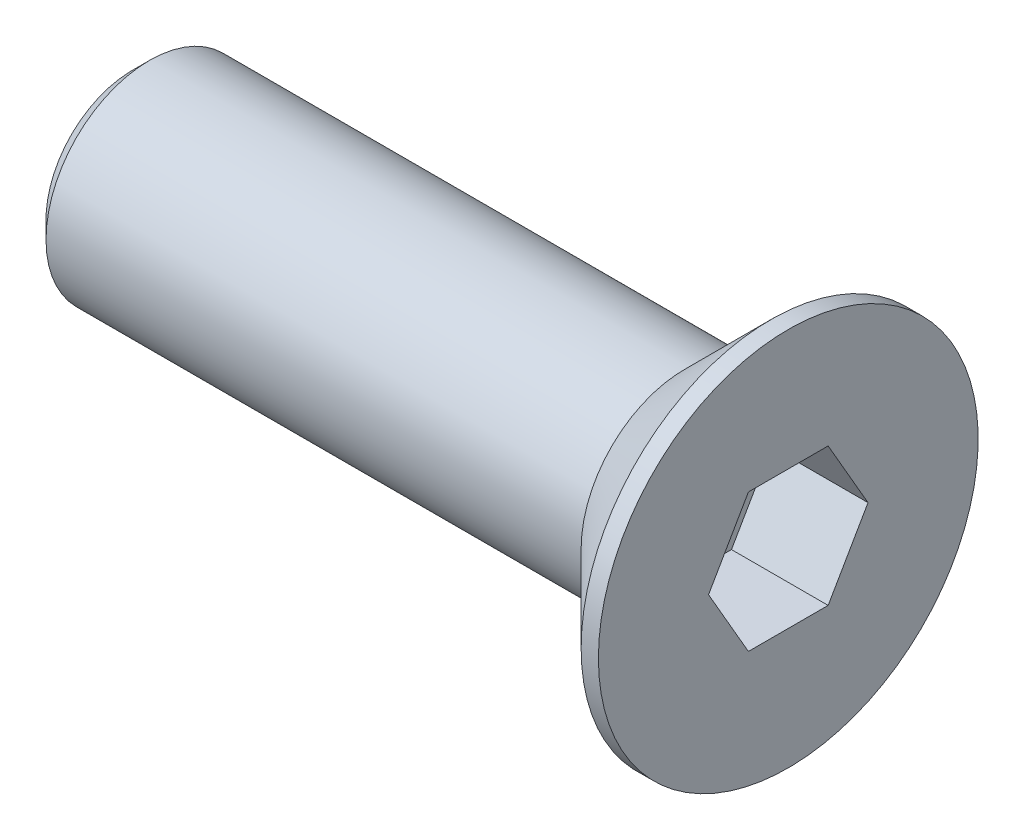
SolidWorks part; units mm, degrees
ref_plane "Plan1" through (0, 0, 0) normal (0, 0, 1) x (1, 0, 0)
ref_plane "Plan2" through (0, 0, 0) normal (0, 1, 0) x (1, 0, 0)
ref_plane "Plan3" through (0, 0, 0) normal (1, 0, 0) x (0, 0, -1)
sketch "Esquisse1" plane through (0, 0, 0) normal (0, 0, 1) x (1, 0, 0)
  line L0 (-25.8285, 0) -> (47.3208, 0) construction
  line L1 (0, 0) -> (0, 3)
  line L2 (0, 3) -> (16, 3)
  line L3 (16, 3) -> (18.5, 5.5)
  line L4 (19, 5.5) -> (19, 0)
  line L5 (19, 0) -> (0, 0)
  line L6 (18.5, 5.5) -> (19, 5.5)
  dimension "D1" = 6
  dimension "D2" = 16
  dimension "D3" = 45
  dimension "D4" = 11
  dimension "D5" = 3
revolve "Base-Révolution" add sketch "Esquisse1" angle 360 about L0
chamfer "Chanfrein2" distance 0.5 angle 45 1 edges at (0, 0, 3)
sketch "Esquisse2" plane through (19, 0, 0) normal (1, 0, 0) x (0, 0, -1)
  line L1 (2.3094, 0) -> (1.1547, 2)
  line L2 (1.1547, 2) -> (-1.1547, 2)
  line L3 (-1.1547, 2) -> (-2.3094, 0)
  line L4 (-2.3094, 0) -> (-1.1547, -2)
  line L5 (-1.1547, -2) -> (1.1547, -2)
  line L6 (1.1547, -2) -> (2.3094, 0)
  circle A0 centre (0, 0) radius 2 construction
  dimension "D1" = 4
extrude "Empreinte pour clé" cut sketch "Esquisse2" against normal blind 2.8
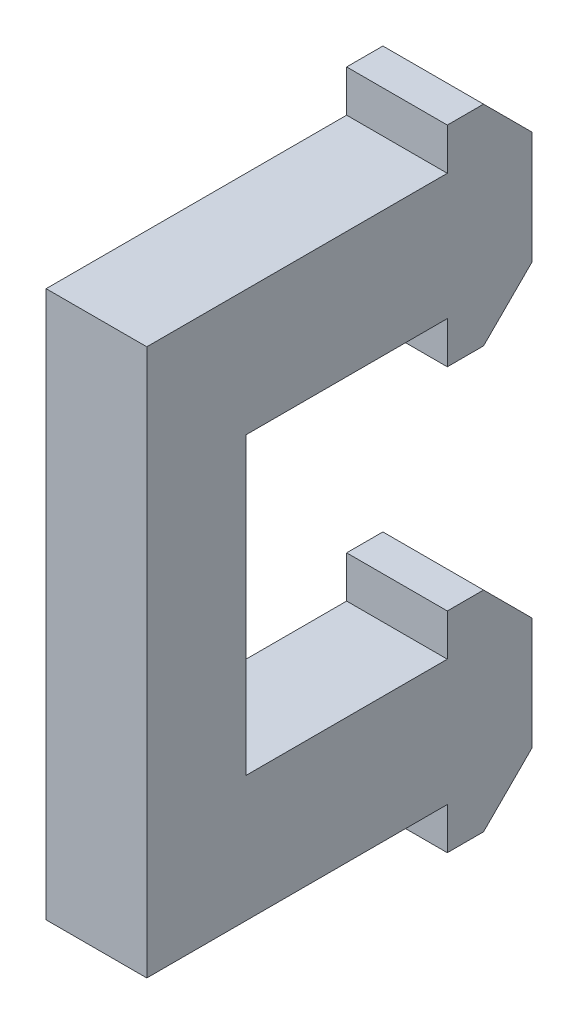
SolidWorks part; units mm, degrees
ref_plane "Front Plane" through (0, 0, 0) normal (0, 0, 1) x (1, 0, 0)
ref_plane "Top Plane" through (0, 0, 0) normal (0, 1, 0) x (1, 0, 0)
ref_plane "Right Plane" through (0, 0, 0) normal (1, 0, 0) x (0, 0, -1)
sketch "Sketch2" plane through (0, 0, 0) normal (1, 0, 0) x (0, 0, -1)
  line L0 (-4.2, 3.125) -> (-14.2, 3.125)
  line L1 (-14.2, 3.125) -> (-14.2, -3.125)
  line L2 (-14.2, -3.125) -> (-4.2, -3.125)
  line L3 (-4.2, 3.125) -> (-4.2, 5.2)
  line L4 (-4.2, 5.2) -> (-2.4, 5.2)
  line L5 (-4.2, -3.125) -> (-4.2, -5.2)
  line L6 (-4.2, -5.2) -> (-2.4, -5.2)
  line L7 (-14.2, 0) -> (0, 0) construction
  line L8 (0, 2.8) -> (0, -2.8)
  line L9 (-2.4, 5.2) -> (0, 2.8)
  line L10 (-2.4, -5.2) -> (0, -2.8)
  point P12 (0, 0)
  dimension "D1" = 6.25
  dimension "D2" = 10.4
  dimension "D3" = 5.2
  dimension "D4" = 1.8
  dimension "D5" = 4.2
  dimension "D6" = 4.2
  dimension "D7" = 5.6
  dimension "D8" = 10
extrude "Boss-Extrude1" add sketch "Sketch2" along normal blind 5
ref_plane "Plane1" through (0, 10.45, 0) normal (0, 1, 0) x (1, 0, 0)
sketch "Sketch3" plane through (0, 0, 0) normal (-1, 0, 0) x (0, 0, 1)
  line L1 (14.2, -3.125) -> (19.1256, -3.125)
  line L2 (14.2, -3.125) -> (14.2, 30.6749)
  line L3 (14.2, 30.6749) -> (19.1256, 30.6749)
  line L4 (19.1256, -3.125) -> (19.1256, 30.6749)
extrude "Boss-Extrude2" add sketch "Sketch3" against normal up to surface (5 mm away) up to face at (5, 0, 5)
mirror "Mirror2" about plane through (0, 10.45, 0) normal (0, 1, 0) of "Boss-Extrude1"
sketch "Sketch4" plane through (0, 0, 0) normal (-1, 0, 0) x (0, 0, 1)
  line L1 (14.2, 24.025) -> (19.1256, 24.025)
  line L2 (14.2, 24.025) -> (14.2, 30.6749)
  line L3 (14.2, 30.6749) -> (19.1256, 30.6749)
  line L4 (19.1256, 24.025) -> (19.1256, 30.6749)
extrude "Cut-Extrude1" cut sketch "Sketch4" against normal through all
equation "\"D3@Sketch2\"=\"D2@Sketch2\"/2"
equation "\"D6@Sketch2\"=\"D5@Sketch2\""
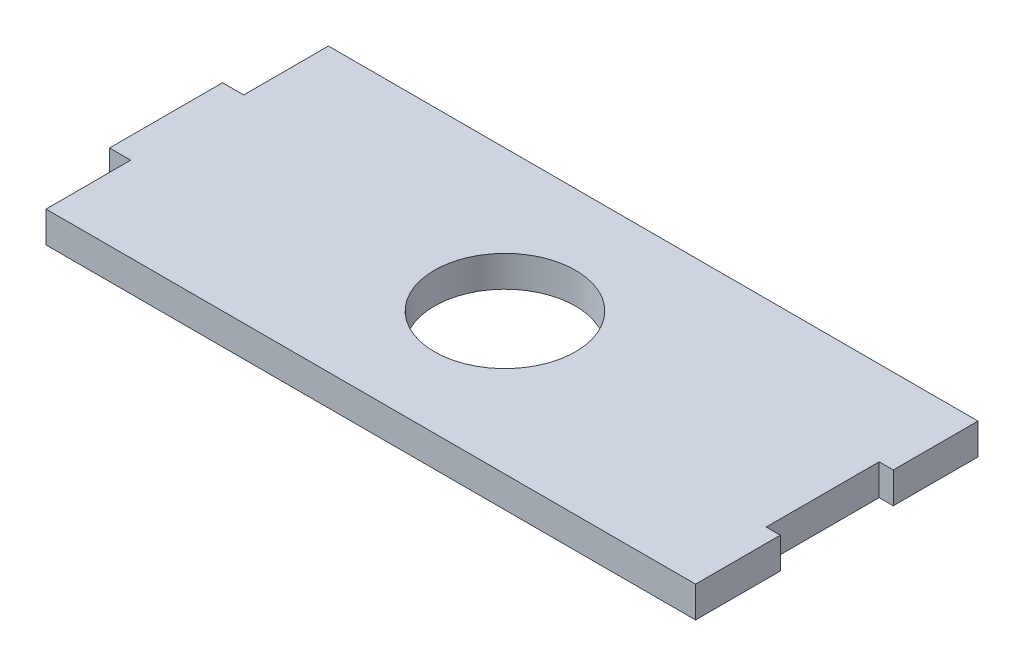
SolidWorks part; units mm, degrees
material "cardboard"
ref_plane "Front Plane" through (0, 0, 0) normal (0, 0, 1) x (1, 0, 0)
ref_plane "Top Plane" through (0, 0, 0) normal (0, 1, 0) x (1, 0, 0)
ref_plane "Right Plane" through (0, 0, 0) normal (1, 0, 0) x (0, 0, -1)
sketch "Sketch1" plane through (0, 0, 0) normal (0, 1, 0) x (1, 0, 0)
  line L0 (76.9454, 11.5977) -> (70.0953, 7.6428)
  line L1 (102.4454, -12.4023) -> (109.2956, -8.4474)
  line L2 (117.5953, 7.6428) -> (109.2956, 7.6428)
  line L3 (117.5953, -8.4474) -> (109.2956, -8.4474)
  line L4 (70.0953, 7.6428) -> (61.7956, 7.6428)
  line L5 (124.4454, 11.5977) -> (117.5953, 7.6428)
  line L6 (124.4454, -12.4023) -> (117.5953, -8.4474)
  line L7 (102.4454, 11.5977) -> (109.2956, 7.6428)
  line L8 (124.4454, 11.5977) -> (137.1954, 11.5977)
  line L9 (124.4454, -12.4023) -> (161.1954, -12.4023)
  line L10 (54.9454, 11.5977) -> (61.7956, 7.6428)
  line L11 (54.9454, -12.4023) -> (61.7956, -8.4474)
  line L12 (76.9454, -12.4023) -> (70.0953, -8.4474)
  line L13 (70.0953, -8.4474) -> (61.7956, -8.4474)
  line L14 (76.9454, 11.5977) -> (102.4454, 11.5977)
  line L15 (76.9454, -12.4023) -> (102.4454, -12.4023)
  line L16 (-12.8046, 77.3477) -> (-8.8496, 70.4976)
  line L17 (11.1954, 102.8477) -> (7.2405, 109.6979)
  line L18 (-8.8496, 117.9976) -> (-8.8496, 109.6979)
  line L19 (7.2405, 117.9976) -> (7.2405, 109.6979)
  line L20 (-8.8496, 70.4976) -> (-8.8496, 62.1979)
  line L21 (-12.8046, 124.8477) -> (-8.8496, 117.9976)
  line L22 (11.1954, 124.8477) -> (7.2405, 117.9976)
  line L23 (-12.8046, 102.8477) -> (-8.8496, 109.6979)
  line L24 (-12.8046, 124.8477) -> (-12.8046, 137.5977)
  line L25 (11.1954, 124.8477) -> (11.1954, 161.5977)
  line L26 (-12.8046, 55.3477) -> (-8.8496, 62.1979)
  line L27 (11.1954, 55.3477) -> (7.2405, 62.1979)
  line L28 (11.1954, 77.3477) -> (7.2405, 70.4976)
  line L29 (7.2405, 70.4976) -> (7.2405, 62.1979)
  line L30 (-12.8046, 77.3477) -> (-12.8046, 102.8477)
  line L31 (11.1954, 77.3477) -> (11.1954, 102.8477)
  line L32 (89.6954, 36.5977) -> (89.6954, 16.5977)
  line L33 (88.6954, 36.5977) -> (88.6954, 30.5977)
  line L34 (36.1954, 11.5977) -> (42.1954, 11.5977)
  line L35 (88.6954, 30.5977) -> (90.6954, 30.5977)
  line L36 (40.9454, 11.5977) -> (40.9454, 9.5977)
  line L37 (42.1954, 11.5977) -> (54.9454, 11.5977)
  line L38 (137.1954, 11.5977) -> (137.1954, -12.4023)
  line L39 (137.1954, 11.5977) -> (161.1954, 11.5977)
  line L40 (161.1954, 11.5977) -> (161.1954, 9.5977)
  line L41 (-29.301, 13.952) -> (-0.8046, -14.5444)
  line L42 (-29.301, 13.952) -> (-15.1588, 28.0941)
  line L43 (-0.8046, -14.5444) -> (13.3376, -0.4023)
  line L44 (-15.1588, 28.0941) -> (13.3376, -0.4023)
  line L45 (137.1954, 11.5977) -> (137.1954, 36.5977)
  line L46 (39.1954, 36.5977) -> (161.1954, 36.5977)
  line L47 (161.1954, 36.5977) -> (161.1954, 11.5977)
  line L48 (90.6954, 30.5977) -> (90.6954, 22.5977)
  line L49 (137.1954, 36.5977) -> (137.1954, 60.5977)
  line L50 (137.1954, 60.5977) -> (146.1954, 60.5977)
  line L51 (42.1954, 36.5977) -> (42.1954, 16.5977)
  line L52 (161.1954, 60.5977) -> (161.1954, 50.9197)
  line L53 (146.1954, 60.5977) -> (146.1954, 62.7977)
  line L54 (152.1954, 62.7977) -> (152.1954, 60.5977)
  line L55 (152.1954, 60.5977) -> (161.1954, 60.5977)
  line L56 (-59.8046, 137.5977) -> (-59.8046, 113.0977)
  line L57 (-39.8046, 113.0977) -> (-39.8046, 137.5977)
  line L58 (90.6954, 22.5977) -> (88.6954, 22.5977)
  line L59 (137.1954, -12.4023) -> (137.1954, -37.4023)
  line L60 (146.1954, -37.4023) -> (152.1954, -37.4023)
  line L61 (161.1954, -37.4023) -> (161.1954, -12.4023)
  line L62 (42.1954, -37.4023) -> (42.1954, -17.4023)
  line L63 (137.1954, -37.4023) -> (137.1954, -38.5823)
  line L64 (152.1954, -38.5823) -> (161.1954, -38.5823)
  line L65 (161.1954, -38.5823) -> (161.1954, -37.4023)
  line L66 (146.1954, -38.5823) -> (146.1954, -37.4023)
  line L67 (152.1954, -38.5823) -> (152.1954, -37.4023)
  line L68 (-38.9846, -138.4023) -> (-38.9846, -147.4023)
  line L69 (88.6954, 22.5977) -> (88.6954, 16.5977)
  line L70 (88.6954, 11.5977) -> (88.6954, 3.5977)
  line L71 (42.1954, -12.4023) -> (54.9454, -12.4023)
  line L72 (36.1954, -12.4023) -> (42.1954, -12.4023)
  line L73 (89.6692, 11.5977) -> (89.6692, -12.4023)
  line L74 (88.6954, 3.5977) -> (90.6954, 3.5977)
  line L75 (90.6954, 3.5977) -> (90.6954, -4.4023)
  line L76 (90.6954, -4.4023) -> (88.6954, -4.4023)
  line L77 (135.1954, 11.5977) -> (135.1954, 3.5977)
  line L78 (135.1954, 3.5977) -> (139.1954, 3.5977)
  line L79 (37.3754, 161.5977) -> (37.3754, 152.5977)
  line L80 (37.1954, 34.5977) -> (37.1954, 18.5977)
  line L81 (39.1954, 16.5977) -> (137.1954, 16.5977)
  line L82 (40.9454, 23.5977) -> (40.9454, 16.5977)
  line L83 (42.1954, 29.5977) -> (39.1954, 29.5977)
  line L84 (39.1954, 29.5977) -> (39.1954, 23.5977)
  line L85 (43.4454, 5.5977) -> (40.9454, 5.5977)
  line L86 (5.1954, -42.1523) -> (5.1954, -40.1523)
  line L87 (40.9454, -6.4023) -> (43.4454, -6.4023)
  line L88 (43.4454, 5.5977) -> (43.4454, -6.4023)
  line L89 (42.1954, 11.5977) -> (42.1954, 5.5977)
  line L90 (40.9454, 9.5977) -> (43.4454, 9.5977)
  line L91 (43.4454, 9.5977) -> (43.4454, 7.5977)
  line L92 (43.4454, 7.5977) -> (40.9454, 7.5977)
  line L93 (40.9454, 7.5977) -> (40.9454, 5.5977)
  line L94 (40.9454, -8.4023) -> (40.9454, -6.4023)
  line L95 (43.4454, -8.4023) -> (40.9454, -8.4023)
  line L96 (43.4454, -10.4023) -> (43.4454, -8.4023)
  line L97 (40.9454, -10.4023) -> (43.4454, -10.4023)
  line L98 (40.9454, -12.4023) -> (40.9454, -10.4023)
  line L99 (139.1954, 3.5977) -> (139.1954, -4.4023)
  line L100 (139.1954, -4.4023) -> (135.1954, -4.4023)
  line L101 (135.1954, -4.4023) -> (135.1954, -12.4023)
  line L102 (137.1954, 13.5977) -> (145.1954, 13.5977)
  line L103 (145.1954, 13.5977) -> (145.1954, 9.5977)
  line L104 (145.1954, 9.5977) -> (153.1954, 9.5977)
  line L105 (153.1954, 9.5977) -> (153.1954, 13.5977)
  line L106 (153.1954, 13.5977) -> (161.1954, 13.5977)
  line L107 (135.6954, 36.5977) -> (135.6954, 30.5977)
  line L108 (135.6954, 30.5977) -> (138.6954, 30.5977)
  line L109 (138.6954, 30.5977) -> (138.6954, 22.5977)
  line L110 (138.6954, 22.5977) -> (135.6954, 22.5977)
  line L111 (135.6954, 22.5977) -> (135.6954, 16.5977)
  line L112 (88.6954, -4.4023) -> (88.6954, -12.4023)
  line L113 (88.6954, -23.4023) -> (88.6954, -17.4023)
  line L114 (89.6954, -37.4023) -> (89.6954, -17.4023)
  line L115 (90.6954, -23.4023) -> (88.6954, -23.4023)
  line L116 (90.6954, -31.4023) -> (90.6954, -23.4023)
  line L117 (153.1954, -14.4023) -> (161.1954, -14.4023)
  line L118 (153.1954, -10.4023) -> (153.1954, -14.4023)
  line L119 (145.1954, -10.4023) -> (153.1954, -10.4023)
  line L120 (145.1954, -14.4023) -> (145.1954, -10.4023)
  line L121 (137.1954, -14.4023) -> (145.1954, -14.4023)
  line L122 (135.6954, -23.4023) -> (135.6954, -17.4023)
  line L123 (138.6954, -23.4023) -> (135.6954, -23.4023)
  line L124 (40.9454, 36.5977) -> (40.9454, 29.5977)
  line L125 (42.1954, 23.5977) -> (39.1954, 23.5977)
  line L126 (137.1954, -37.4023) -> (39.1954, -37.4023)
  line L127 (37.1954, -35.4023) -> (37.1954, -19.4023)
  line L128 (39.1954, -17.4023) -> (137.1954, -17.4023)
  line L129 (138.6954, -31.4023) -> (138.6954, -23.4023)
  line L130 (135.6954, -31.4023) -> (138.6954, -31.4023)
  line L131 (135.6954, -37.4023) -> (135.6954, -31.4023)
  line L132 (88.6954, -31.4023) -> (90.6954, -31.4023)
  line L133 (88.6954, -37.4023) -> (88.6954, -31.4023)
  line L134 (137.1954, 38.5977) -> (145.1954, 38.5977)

Exercise:
Restate word for word the entries above, starting at the line with "line L117 (153.1954, -14.4023)" and ending at the line with "line L131 (135.6954, -37.4023)", inclusive, and no others.

Output below:
  line L117 (153.1954, -14.4023) -> (161.1954, -14.4023)
  line L118 (153.1954, -10.4023) -> (153.1954, -14.4023)
  line L119 (145.1954, -10.4023) -> (153.1954, -10.4023)
  line L120 (145.1954, -14.4023) -> (145.1954, -10.4023)
  line L121 (137.1954, -14.4023) -> (145.1954, -14.4023)
  line L122 (135.6954, -23.4023) -> (135.6954, -17.4023)
  line L123 (138.6954, -23.4023) -> (135.6954, -23.4023)
  line L124 (40.9454, 36.5977) -> (40.9454, 29.5977)
  line L125 (42.1954, 23.5977) -> (39.1954, 23.5977)
  line L126 (137.1954, -37.4023) -> (39.1954, -37.4023)
  line L127 (37.1954, -35.4023) -> (37.1954, -19.4023)
  line L128 (39.1954, -17.4023) -> (137.1954, -17.4023)
  line L129 (138.6954, -31.4023) -> (138.6954, -23.4023)
  line L130 (135.6954, -31.4023) -> (138.6954, -31.4023)
  line L131 (135.6954, -37.4023) -> (135.6954, -31.4023)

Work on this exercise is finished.